The Impact of Federal Economic Recovery Efforts: According to a study by Alan Blinder, a former Vice-Chair of the Federal Reserve, and Mark Zandi, the chief economist of Moody's Analytics, federal recovery and state fiscal relief efforts, including TARP and the American Recovery and Reinvestment Act (ARRA), saved the economy from declining even further and spurred GDP growth. 

The authors found, "if policymakers had not reacted as aggressively or as quickly as they did, the financial system might still be unsettled, the economy might still be shrinking, and the costs to U.S. taxpayers would have been vastly greater."  Zandi and Blinder estimate that without these federal initiatives, an additional 8.5 million Americans would be without jobs in addition to the 8 million workers who lost their jobs since the recession started; they also estimate the nation's GDP would have been almost $1.4 trillion lower in the second quarter of 2010 than it was.

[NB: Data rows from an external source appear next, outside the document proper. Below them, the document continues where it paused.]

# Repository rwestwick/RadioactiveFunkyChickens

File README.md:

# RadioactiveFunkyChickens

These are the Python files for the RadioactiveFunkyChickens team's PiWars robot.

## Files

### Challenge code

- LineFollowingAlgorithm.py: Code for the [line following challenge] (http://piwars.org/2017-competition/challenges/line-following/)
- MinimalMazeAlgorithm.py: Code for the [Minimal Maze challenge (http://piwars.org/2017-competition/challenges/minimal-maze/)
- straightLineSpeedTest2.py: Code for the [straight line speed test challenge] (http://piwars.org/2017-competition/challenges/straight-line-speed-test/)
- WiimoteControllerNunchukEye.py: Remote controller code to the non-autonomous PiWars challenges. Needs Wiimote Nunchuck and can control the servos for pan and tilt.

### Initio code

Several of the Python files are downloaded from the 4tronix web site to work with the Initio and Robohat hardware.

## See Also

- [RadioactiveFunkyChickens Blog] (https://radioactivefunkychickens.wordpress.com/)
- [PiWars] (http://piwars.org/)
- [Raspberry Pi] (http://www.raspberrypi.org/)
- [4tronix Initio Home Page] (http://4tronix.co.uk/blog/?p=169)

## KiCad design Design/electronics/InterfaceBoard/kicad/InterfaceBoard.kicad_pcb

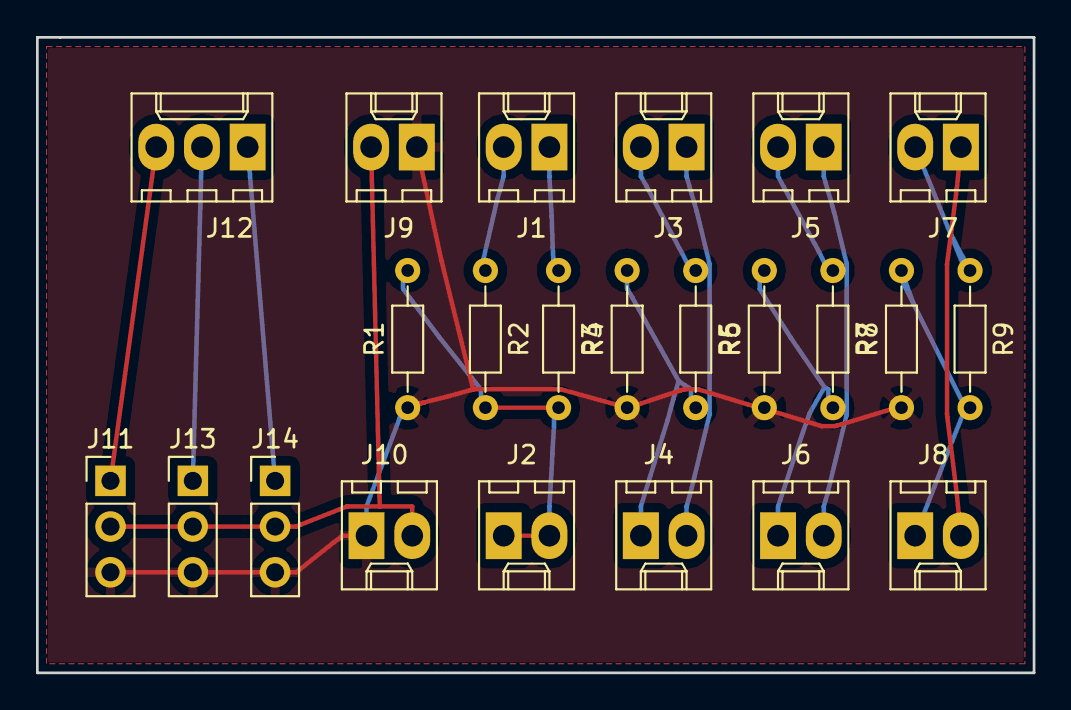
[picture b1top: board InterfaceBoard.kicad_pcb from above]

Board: 2 copper layers, 55.4 x 35.3 mm, 23 parts (0 on the bottom side), 17 nets.

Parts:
J1, J2: PROX1; Molex_KK-6410-02_02x2.54mm_Straight
J3, J4: PROX2; Molex_KK-6410-02_02x2.54mm_Straight
J5, J6: PROX3; Molex_KK-6410-02_02x2.54mm_Straight
J7, J8: PROX4; Molex_KK-6410-02_02x2.54mm_Straight
J9: PWR IN; Molex_KK-6410-02_02x2.54mm_Straight
J10: PWR OUT; Molex_KK-6410-02_02x2.54mm_Straight
J11: HORZ; Pin_Header_Straight_1x03_Pitch2.54mm
J12: SERVO_IN; Molex_KK-6410-03_03x2.54mm_Straight
J13: VERT; Pin_Header_Straight_1x03_Pitch2.54mm
J14: FIRE; Pin_Header_Straight_1x03_Pitch2.54mm
R1, R2, R5, R7, R9: 1k; R_Axial_DIN0204_L3.6mm_D1.6mm_P7.62mm_Horizontal
R3, R4, R6, R8: 2k2; R_Axial_DIN0204_L3.6mm_D1.6mm_P7.62mm_Horizontal

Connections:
+5V: J9.2, J10.2, J11.2, J13.2, J14.2
GND: J9.1, J10.1, J11.3, J13.3, J14.3, R1.1, R4.1, R6.1, R8.1
unnamed: J1.1, R3.1
unnamed: J1.2, R2.1
unnamed: J2.1, J2.2, R1.2, R2.2, R3.2
unnamed: J3.1, J4.2
unnamed: J3.2, R5.1
unnamed: J4.1, R4.2, R5.2
unnamed: J5.1, J6.2
unnamed: J5.2, R7.1
unnamed: J6.1, R6.2, R7.2
unnamed: J7.1, J8.2
unnamed: J7.2, R9.1
unnamed: J8.1, R8.2, R9.2
unnamed: J11.1, J12.3
unnamed: J12.1, J14.1
unnamed: J12.2, J13.1

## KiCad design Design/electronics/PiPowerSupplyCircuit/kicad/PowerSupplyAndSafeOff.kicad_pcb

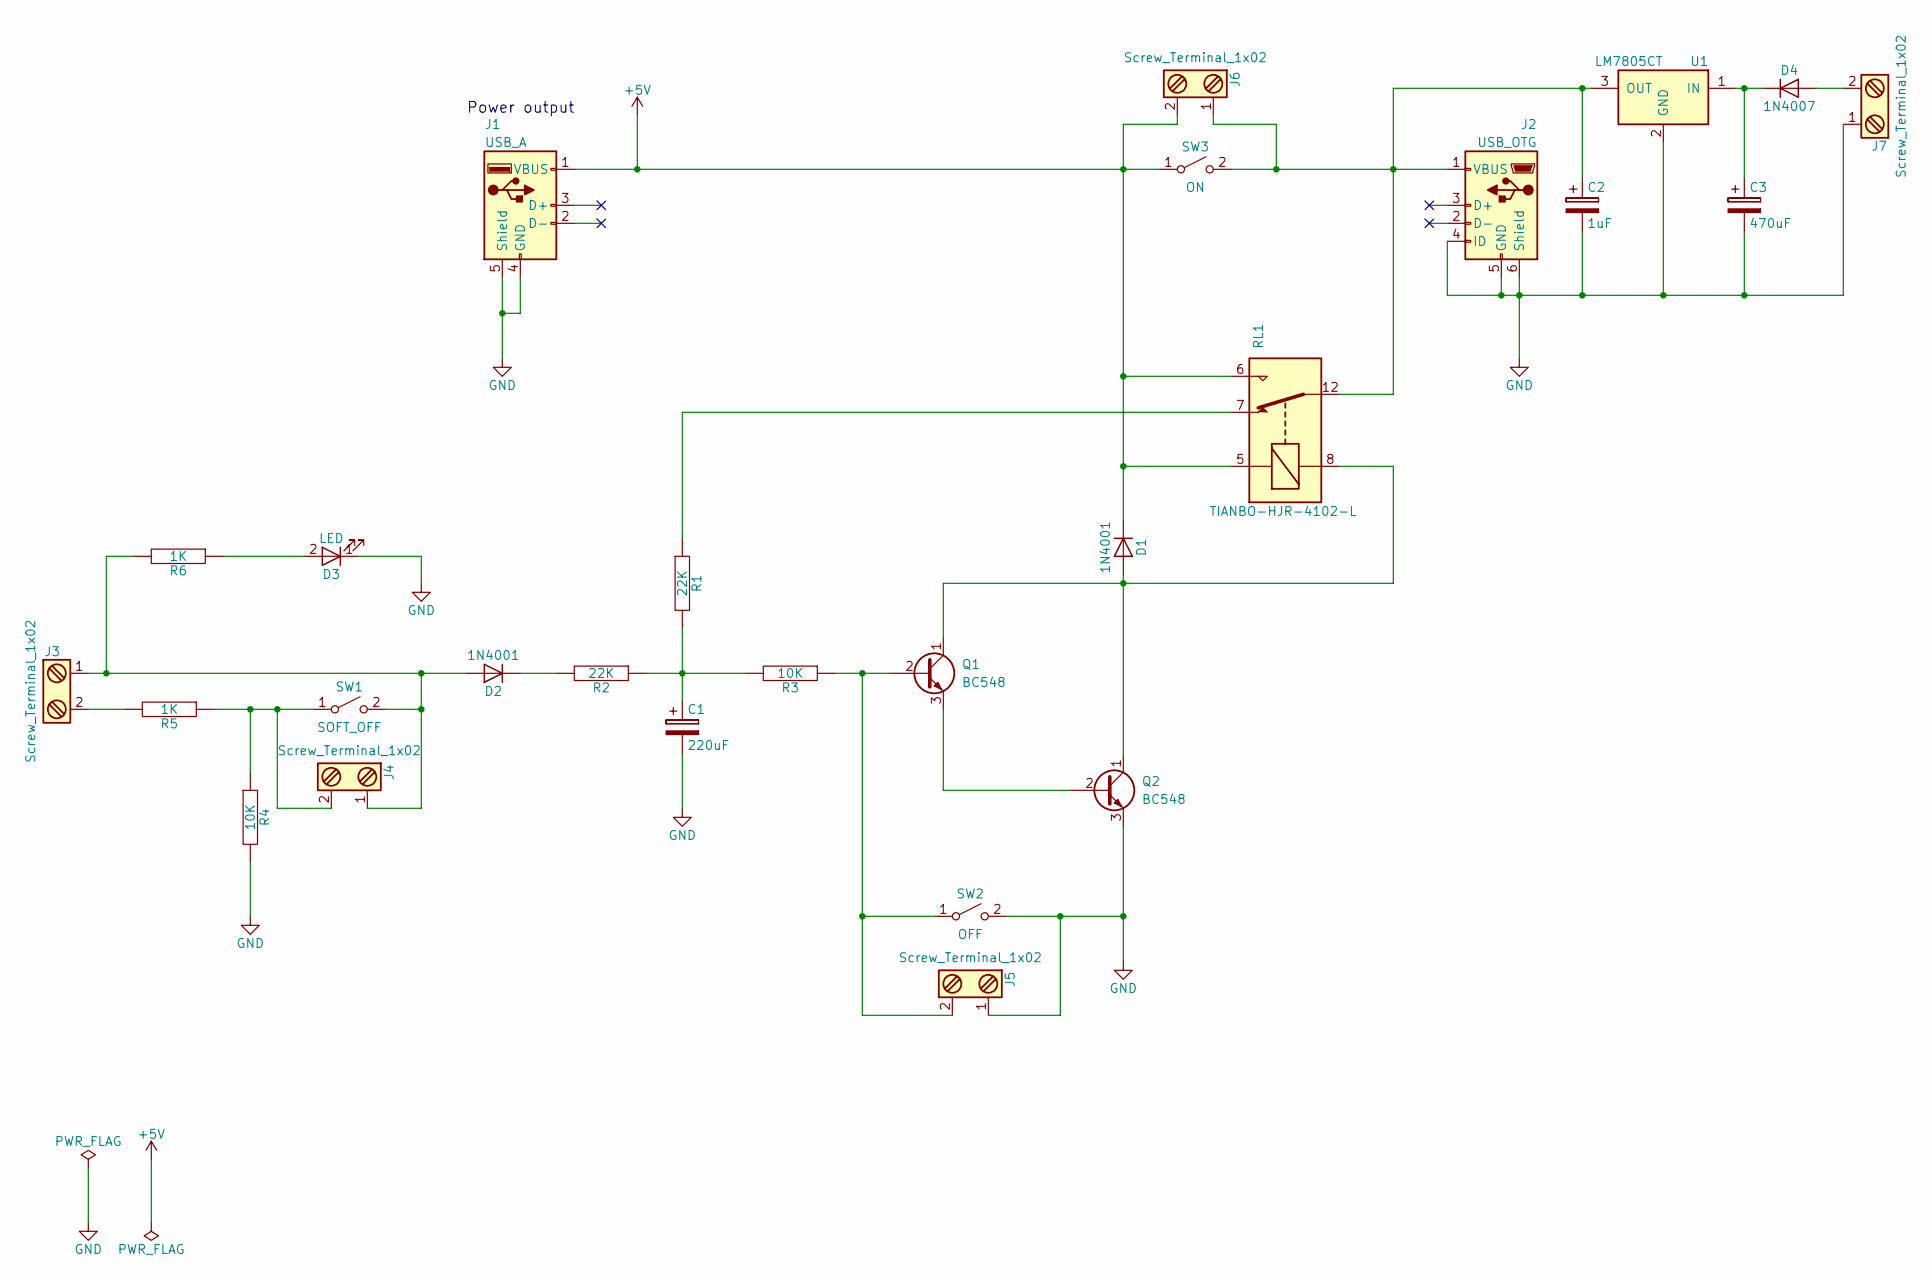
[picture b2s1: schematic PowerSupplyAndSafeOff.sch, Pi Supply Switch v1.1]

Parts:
C1: 220uF; CP_Radial_D5.0mm_P2.50mm
C2: 1uF; CP_Radial_D5.0mm_P2.50mm
C3: 470uF; CP_Radial_D5.0mm_P2.50mm
D1, D2: 1N4001; D_T-1_P10.16mm_Horizontal
D3: LED; LED_D3.0mm
D4: 1N4007; D_T-1_P10.16mm_Horizontal
J1: USB_A
J2: USB_OTG; USB_Micro-B
J3, J4, J5, J6, J7: Screw_Terminal_1x02; PhoenixContact_MC-G_02x5.08mm_Angled
Q1, Q2: BC548; TO-92_Inline_Narrow_Oval
R1, R2: 22K; R_Axial_DIN0207_L6.3mm_D2.5mm_P7.62mm_Horizontal
R3, R4: 10K; R_Axial_DIN0207_L6.3mm_D2.5mm_P7.62mm_Horizontal
R5, R6: 1K; R_Axial_DIN0207_L6.3mm_D2.5mm_P7.62mm_Horizontal
RL1: TIANBO-HJR-4102-L; Relay_SPDT_HJR-4102
SW1: SOFT_OFF; SW_PUSH_6mm_h4.3mm
SW2: OFF; SW_PUSH_6mm_h4.3mm
SW3: ON; SW_PUSH_6mm_h4.3mm
U1: LM7805CT; TO-220

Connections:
+5V: D1.1 (K), J1.1 (VBUS), J6.2, RL1.5, RL1.6, SW3.1 (A)
GND: C1.2, C2.2, C3.2, D3.1 (K), J1.4 (GND), J1.5 (Shield), J2.4 (ID), J2.5 (GND), J2.6 (Shield), J5.1, J7.1, Q2.3 (E), R4.2, SW2.2 (B), U1.2 (GND)
unnamed: C1.1, R1.2, R2.1, R3.2
unnamed: C2.1, J2.1 (VBUS), J6.1, RL1.12, SW3.2 (B), U1.3 (OUT)
unnamed: C3.1, D4.1 (K), U1.1 (IN)
unnamed: D1.2 (A), Q1.1 (C), Q2.1 (C), RL1.8
unnamed: D2.1 (K), R2.2
unnamed: D2.2 (A), J3.1, J4.1, R6.2, SW1.2 (B)
unnamed: D3.2 (A), R6.1
unnamed: D4.2 (A), J7.2
unnamed: J3.2, R5.2
unnamed: J4.2, R4.1, R5.1, SW1.1 (A)
unnamed: J5.2, Q1.2 (B), R3.1, SW2.1 (A)
unnamed: Q1.3 (E), Q2.2 (B)
unnamed: R1.1, RL1.7

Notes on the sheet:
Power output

The following graph depicts the change in real GDP as a result of financial stabilization and recovery efforts.  The graph appears in a recent Center on Budget Policy Priorities publication, Chart Book: The Legacy of the Great Recession, which comprehensively tracks economic circumstances in recent years.

Though TARP successfully staved off further financial collapse, the government could have taken further steps to prevent corporate malfeasance, increase accountability and transparency, limit executive compensation, and rein in the harmful banking practices of institutions that received public funds through the program.  

The Need for Further Federal Action: Nevertheless, stubbornly high unemployment rates and continued state fiscal woes merit further federal efforts to incite job creation and state fiscal relief.  President Obama's announcement last month of a proposed $50 billion infrastructure initiative is definitely a start, but more concerted policy efforts are needed to alleviate economic and fiscal pain.